▸ TO DO
Look through the data below for the line with "# Drawn here: x" and the line with "doc.units = 0", then output those two and all lines in between, exactly as written.

=== Section Start ===

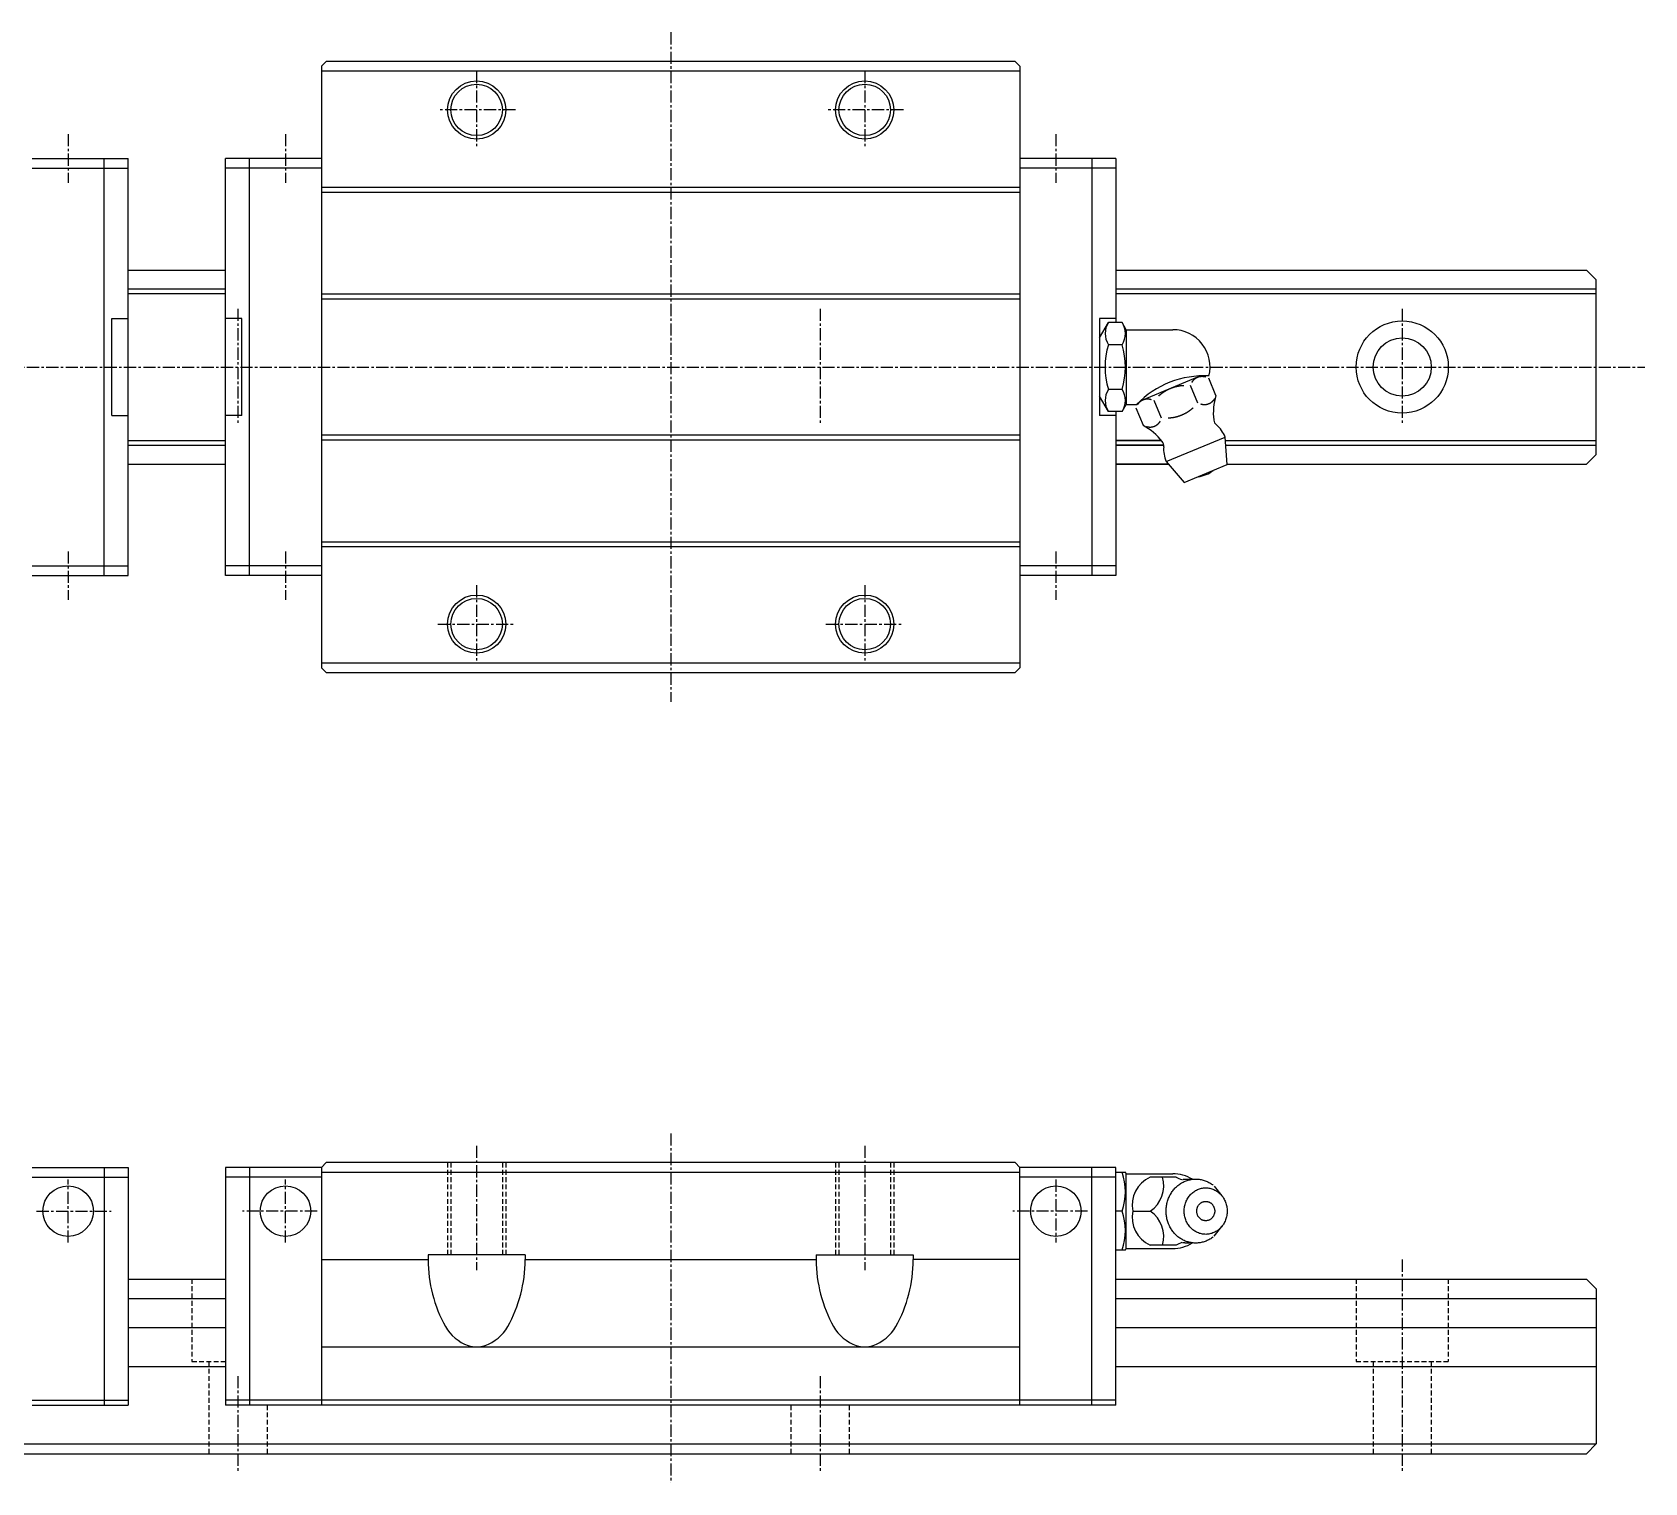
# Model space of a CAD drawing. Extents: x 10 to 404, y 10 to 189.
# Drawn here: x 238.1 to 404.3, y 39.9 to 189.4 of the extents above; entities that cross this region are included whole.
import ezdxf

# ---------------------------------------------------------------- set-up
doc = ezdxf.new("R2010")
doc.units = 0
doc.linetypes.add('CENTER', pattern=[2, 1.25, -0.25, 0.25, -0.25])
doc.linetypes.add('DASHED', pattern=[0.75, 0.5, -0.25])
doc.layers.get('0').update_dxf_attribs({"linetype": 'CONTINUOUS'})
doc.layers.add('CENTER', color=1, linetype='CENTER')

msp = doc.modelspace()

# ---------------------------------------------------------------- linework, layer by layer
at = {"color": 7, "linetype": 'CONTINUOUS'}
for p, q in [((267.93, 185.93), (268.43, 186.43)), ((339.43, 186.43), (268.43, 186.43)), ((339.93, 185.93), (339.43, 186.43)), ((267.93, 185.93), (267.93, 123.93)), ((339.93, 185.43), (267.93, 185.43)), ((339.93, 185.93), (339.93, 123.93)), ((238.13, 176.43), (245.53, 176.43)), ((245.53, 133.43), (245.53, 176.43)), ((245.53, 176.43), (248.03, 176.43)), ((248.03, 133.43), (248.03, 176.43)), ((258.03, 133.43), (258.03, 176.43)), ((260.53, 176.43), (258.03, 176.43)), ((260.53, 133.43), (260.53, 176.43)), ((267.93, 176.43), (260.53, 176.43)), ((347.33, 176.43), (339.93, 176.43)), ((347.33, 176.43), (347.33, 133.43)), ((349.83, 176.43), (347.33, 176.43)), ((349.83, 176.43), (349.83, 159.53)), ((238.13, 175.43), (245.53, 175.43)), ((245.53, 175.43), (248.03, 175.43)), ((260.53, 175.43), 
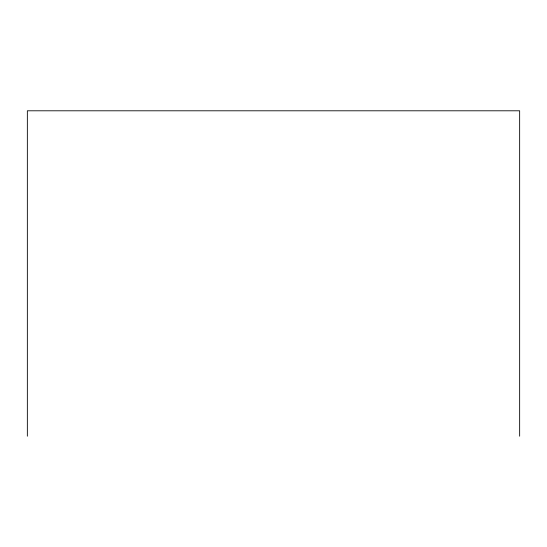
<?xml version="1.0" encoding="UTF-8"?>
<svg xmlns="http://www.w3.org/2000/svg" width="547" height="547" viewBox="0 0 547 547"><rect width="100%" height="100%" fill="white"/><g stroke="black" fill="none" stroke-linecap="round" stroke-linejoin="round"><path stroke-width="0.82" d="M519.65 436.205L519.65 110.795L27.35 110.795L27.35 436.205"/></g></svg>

=== Section End ===

▸ WRITTEN RESPONSE
# Drawn here: x 238.1 to 404.3, y 39.9 to 189.4 of the extents above; entities that cross this region are included whole.
import ezdxf

# ---------------------------------------------------------------- set-up
doc = ezdxf.new("R2010")
doc.units = 0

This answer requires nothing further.